SALT: Sales Autocompletion Linked Business Tables Dataset
Tassilo Klein, Clemens Biehl, Margarida Costa, Andre Sres, Jonas Kolk, Johannes Hoffart
TL;DR
This paper presents SALT, a novel, ERP-derived dataset of linked four-table sales data designed to advance table representation learning for enterprise contexts. By joining SalesDocument, SalesDocumentItem, Customer, and AddrOrgNamePostalAddress, SALT provides a 2,319,944-row flat dataset with 21 input features and 8 targets, along with temporally split validation and test sets under strong privacy anonymization. The authors evaluate multiple tabular baselines including CARTE, AutoGluon, XGBoost, LightGBM, CatBoost, and GraphSAGE, finding CARTE to yield the best performance with a modest gain over others, while highlighting data challenges such as target predictability variance, severe class imbalance, high-cardinality fields, and potential data drift over time.

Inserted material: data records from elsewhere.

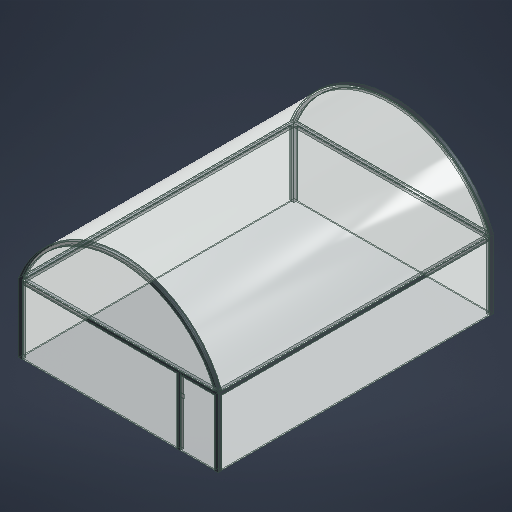
# Autodesk Inventor part: Invernadero
Saved by Autodesk Inventor 2026.1 (Build 301233020, 233B)
## iProperties
Created: 2025-11-02
Part Number: Invernadero
Material: Cristal
Document SubType Name: Modeling
Designer: PAVILION
Density: 2.18 g/cm^3
Appearance: Claro
Author: PAVILION
Autodesk Inventor part; units mm, degrees
note: some values were not read from the file. Chosen so that the rebuilt part matches the saved one: second side of "Extrusión4".
ref_plane "YZ Plane" through (0, 0, 0) normal (1, 0, 0) x (0, 1, 0)
ref_plane "XZ Plane" through (0, 0, 0) normal (0, 1, 0) x (-1, 0, 0)
ref_plane "XY Plane" through (0, 0, 0) normal (0, 0, 1) x (1, 0, 0)
sketch "Boceto1" plane through (0, 0, 0) normal (0, 1, 0) x (-1, 0, 0)
  line L0 (2900, 4000) -> (-2900, 4000)
  line L1 (-2900, 4000) -> (-2900, -4000)
  line L2 (-2900, -4000) -> (2900, -4000)
  line L3 (2900, -4000) -> (2900, 4000)
  line L4 (2900, 4000) -> (-2900, -4000) construction
  line L5 (-2900, 4000) -> (2900, -4000) construction
  point P0 (0, 0)
  dimension "d0" = 8000
  dimension "d1" = 5800
  constraints: 12 end point, 2 midpoint, 2 parallel, 1 horizontal, 1 perpendicular
  measures "d0" distance of L2.end L0.start
  measures "d1" distance of L0.start L0.end
extrude "Extrusión1" add sketch "Boceto1" along normal blind 4000
sketch "Boceto2" plane through (-2900, 0, 4000) normal (0, 0, 1) x (1, 0, 0)
  line L0 (5800, 0) -> (0, 0) projected
  line L1 (5800, 0) -> (5800, 4000) projected
  line L2 (0, 0) -> (5800, 0)
  line L3 (5800, 0) -> (5800, 2000)
  line L4 (5800, 2000) -> (0, 2000)
  line L5 (0, 2000) -> (0, 0)
  arc A0 (5800, 2000) -> (0, 2000) centre (2900, 897.5) ccw
  line L6 (5800, 4000) -> (0, 4000) projected
  line L7 (2900, 4000) -> (0, 4000)
  line L8 (0, 4000) -> (0, 2000)
  line L9 (0, 0) -> (0, 4000) projected
  line L10 (2900, 4000) -> (5800, 4000)
  point P0 (2900, 0)
  dimension "d6" = 3102.5
  constraints: 14 end point, 3 point on circle, 2 parallel, 1 centre point, 1 collinear, 1 horizontal, 1 midpoint, 1 perpendicular
  measures "d6" radius of A0
extrude "Extrusión2" cut sketch "Boceto2" against normal through all contours A0 L6 L1 | L8 L6 A0
shell "Vaciado1" thickness 30 removed faces 1 at (966.6667, 0, -1333.3333)
sketch "Boceto4" plane through (0, 0, 0) normal (0, 1, 0) x (-1, 0, 0)
  line L0 (-2900, 4000) -> (-2800, 4000)
  line L1 (-2800, 4000) -> (-2800, 3900)
  line L2 (-2800, 3900) -> (-2900, 3900)
  line L3 (-2900, 3900) -> (-2900, 4000)
  line L4 (2900, 4000) -> (-2900, 4000) projected
  line L5 (2900, 4000) -> (2800, 4000)
  line L6 (2800, 4000) -> (2800, 3900)
  line L7 (2800, 3900) -> (2900, 3900)
  line L8 (2900, 3900) -> (2900, 4000)
  line L9 (2900, -4000) -> (2900, 4000) projected
  line L10 (2900, -4000) -> (2800, -4000)
  line L11 (2800, -4000) -> (2800, -3900)
  line L12 (2800, -3900) -> (2900, -3900)
  line L13 (2900, -3900) -> (2900, -4000)
  line L14 (-2900, 4000) -> (-2900, -4000) projected
  line L15 (-2900, -4000) -> (-2800, -4000)
  line L16 (-2800, -4000) -> (-2800, -3900)
  line L17 (-2800, -3900) -> (-2900, -3900)
  line L18 (-2900, -3900) -> (-2900, -4000)
  line L19 (2800, -3900) -> (2910, -3900)
  line L20 (2910, -3900) -> (2910, -4010)
  line L21 (2910, -4010) -> (2800, -4010)
  line L22 (2800, -4010) -> (2800, -3900)
  line L23 (-2800, -3900) -> (-2910, -3900)
  line L24 (-2910, -3900) -> (-2910, -4010)
  line L25 (-2910, -4010) -> (-2800, -4010)
  line L26 (-2800, -4010) -> (-2800, -3900)
  line L27 (-2800, 3900) -> (-2910, 3900)
  line L28 (-2910, 3900) -> (-2910, 4010)
  line L29 (-2910, 4010) -> (-2800, 4010)
  line L30 (-2800, 4010) -> (-2800, 3900)
  line L31 (2800, 3900) -> (2910, 3900)
  line L32 (2910, 3900) -> (2910, 4010)
  line L33 (2910, 4010) -> (2800, 4010)
  line L34 (2800, 4010) -> (2800, 3900)
  point P0 (2855, 4010)
  dimension "d16" = 100
  dimension "d17" = 100
  dimension "d18" = 100
  dimension "d19" = 100
  dimension "d20" = 100
  dimension "d21" = 100
  dimension "d22" = 100
  dimension "d23" = 100
  dimension "d26" = 10
  dimension "d27" = 10
  dimension "d28" = 10
  dimension "d29" = 10
  dimension "d30" = 10
  dimension "d31" = 10
  dimension "d32" = 10
  dimension "d33" = 10
  constraints: 64 end point, 16 parallel, 8 horizontal, 8 perpendicular, 1 midpoint
  measures "d16" distance of L0.end L1.end
  measures "d17" distance of L1.end L2.end
  measures "d18" distance of L7.end L4.start
  measures "d19" distance of L6.end L7.end
  measures "d20" distance of L10.end L11.end
  measures "d21" distance of L11.end L12.end
  measures "d22" distance of L15.end L16.end
  measures "d23" distance of L16.end L17.end
  measures "d26" distance between parallel lines of L10 L21
  measures "d27" distance between parallel lines of L20 L13
  measures "d28" distance between parallel lines of L24 L14
  measures "d29" distance between parallel lines of L25 L15
  measures "d30" distance between parallel lines of L28 L14
  measures "d31" distance between parallel lines of L4 L29
  measures "d32" distance from line of L5 point (2855, 4010)
  measures "d33" distance between parallel lines of L32 L9
extrude "Extrusión3" add sketch "Boceto4" along normal blind 2000
sketch "Boceto7" plane through (-2800, 0, 4000) normal (0, 0, 1) x (1, 0, 0)
  line L0 (5710, 0) -> (5710, 2000) projected
  line L1 (-110, 2000) -> (0, 2000) projected
  line L2 (5710, 0) -> (-110, 0)
  line L3 (-110, 0) -> (-110, 2000)
  line L4 (-110, 2000) -> (5710, 2000)
  line L5 (5710, 2000) -> (5710, 0)
  line L6 (5600, 2000) -> (5710, 2000) projected
  arc A0 (5710, 2000) -> (-110, 2000) centre (2800, 897.0748) ccw
  line L7 (5600, 0) -> (5600, 2000) projected
  arc A1 (5600, 2000) -> (0, 2000) centre (2800, 897.0748) ccw
  point P0 (2800, 0)
  dimension "d34" = 3112
  constraints: 8 end point, 4 point on circle, 2 centre point, 2 parallel, 1 concentric, 1 horizontal, 1 perpendicular
  measures "d34" radius of A0
extrude "Extrusión4" add sketch "Boceto7" along normal blind 10 contours L4 A1 L1 A0
sketch "Boceto8" plane through (-2910, 0, 3900) normal (-1, 0, 0) x (0, 0, 1)
  line L0 (0, 2000) -> (110, 2000) projected
  line L1 (110, 0) -> (110, 2000) projected
  line L2 (0, 2000) -> (110, 2000)
  line L3 (110, 2000) -> (110, 1900)
  line L4 (110, 1900) -> (0, 1900)
  line L5 (0, 1900) -> (0, 2000)
  point P0 (-3900, 0)
  dimension "d39" = 100
  constraints: 8 end point, 2 parallel, 1 horizontal, 1 perpendicular, 1 point on line
  measures "d39" distance of L4.end L0.start
extrude "Extrusión5" add sketch "Boceto8" against normal blind 5800
sketch "Boceto9" plane through (2800, 0, -4000) normal (0, 0, -1) x (-1, 0, 0)
  arc A0 (5700, 2000) -> (-100, 2000) centre (2800, 897.5) ccw projected
  arc A1 (5710, 2000) -> (-110, 2000) centre (2800, 897.0748) ccw projected
  line L0 (-67.8825, 2000) -> (5667.8825, 2000) projected
  line L1 (5600, 1900) -> (0, 1900) projected
  arc A2 (5600, 2000) -> (0, 2000) centre (2800, 897.0748) ccw projected
  line L2 (-110, 2000) -> (0, 2000) projected
  line L3 (0, 0) -> (0, 2000) projected
  line L4 (5600, 2000) -> (5710, 2000) projected
  line L5 (5600, 0) -> (5600, 2000) projected
  point P0 (2800, 0)
extrude "Extrusión6" add sketch "Boceto9" along normal blind 10 contours L4 L0 A2 L2 A0 | L5 L1 L3 L0
sketch "Boceto10" plane through (-2870, 0, -3900) normal (0, 0, 1) x (1, 0, 0)
  line L0 (70, 0) -> (70, 2000) projected
  line L1 (-40, 0) -> (-40, 2000) projected
  line L2 (70, 2000) -> (-40, 2000)
  line L3 (-40, 2000) -> (-40, 1900)
  line L4 (-40, 1900) -> (70, 1900)
  line L5 (70, 1900) -> (70, 2000)
  line L6 (15, 1900) -> (15, 2000)
  line L7 (2.1175, 2000) -> (70, 2000) projected
  line L8 (5780, 0) -> (5780, 2000) projected
  line L9 (5670, 0) -> (5670, 2000) projected
  line L10 (5780, 2000) -> (5670, 2000)
  line L11 (5670, 2000) -> (5670, 1900)
  line L12 (5670, 1900) -> (5780, 1900)
  line L13 (5780, 1900) -> (5780, 2000)
  line L14 (5725, 2000) -> (5725, 1900)
  point P0 (2870, 0)
  point P1 (70, 1900)
  dimension "d44" = 100
  dimension "d45" = 100
  constraints: 20 end point, 4 parallel, 3 midpoint, 3 perpendicular, 3 point on line, 2 horizontal
  measures "d44" distance of L6.start L6.end
  measures "d45" distance of L14.start L14.end
extrude "Extrusión7" add sketch "Boceto10" along normal blind 7900
sketch "Boceto11" plane through (2800, 0, -3970) normal (-1, 0, 0) x (0, 0, 1)
  line L0 (-40, 2000) -> (-40, 3906.4674) projected
  line L1 (70, 1900) -> (7870, 1900) projected
  line L2 (-40, 2000) -> (70, 2000)
  line L3 (70, 2000) -> (70, 1900)
  line L4 (70, 1900) -> (-40, 1900)
  line L5 (-40, 1900) -> (-40, 2000)
  point P0 (3970, 0)
  constraints: 8 end point, 2 parallel, 1 horizontal, 1 perpendicular
extrude "Extrusión8" add sketch "Boceto11" along normal up to surface (5710 mm away)
sketch "Boceto15" plane through (0, 897.0748, 4010) normal (0, 0, 1) x (1, 0, 0)
  arc A0 (2910, 1102.9252) -> (-2910, 1102.9252) centre (0, 0) ccw projected
  arc A1 (2800, 1102.9252) -> (-2800, 1102.9252) centre (0, 0) ccw projected
  line L0 (-2800, 1102.9252) -> (2800, 1102.9252) projected
  line L1 (2800, 1102.9252) -> (2910, 1102.9252)
  line L2 (-2800, 1102.9252) -> (-2910, 1102.9252)
  point P0 (0, -897.0748)
  constraints: 4 end point, 2 collinear
extrude "Extrusión12" add sketch "Boceto15" against normal blind 110 contours L1 A1 L2 A0
sketch "Boceto17" plane through (0, 897.5, -4010) normal (0, 0, -1) x (-1, 0, 0)
  arc A0 (2910, 1102.5) -> (-2910, 1102.5) centre (0, -0.4252) ccw projected
  arc A1 (2900, 1102.5) -> (-2900, 1102.5) centre (0, 0) ccw projected
  line L0 (-2910, 1102.5) -> (-2900, 1102.5) projected
  line L1 (2900, 1102.5) -> (2910, 1102.5) projected
  point P0 (0, -897.5)
extrude "Extrusión14" add sketch "Boceto17" against normal blind 110
sketch "Boceto18" plane through (0, 897.5, -3970) normal (0, 0, 1) x (1, 0, 0)
  arc A0 (2800, 1102.5) -> (-2800, 1102.5) centre (0, -0.4252) ccw projected
  arc A1 (2910, 1102.5) -> (-2910, 1102.5) centre (0, -0.4252) ccw projected
  line L0 (2800, 1102.5) -> (-2800, 1102.5) projected
  line L1 (2900, 1102.5) -> (2910, 1102.5) projected
  line L2 (2800, 1102.5) -> (2910, 1102.5)
  line L3 (-2800, 1102.5) -> (-2910, 1102.5)
  point P0 (0, -897.5)
  constraints: 4 end point, 2 horizontal
extrude "Extrusión15" add sketch "Boceto18" along normal blind 70 contours A0 L3 A1 L1 L2
sketch "Boceto19" plane through (-2800, 0, 4000) normal (0, 0, 1) x (1, 0, 0)
  line L0 (0, 1900) -> (5600, 1900) projected
  line L1 (0, 0) -> (5600, 0) projected
  line L2 (5600, 1900) -> (4600, 1900)
  line L3 (4600, 1900) -> (4600, 0)
  line L4 (4600, 0) -> (5600, 0)
  line L5 (5600, 0) -> (5600, 1900)
  line L6 (4600, 0) -> (4500, 0)
  line L7 (4500, 0) -> (4500, 1900)
  line L8 (4500, 1900) -> (4600, 1900)
  line L9 (4600, 1900) -> (4600, 0)
  point P0 (2800, 0)
  dimension "d64" = 100
  dimension "d65" = 1000
  constraints: 16 end point, 4 parallel, 2 horizontal, 2 perpendicular, 2 point on line
  measures "d64" distance between parallel lines of L7 L3
  measures "d65" distance between parallel lines of L3 L5
extrude "Extrusión16" add sketch "Boceto19" along normal blind 10 and the other way blind 100 contours L0 L3 L1 L7
sketch "Boceto20" plane through (2800, 2000, 3900) normal (0, 0, -1) x (-1, 0, 0)
  line L0 (1000, -644.3704) -> (1100, -644.3704)
  line L1 (1100, -644.3704) -> (1100, -749.1876)
  line L2 (1100, -749.1876) -> (1000, -749.1876)
  line L3 (1000, -749.1876) -> (1000, -644.3704)
  line L4 (1000, -100) -> (1000, -2000) projected
  line L5 (1100, -2000) -> (1100, -100) projected
  point P0 (2800, -2000)
  constraints: 8 end point, 2 parallel, 2 point on line, 1 horizontal, 1 perpendicular
extrude "Extrusión17" add sketch "Boceto20" along normal blind 10

Overall, SALT demonstrates the value of realistic, linked enterprise data for advancing table representation learning and outlines plans to broaden the dataset with more tables and multi-company coverage, keeping privacy at the forefront.
Abstract
Foundation models, particularly those that incorporate Transformer architectures, have demonstrated exceptional performance in domains such as natural language processing and image processing. Adapting these models to structured data, like tables, however, introduces significant challenges. These difficulties are even more pronounced when addressing multi-table data linked via foreign key, which is prevalent in the enterprise realm and crucial for empowering business use cases. Despite its substantial impact, research focusing on such linked business tables within enterprise settings remains a significantly important yet underexplored domain. To address this, we introduce a curated dataset sourced from an Enterprise Resource Planning (ERP) system, featuring extensive linked tables. This dataset is specifically designed to support research endeavors in table representation learning. By providing access to authentic enterprise data, our goal is to potentially enhance the effectiveness and applicability of models for real-world business contexts.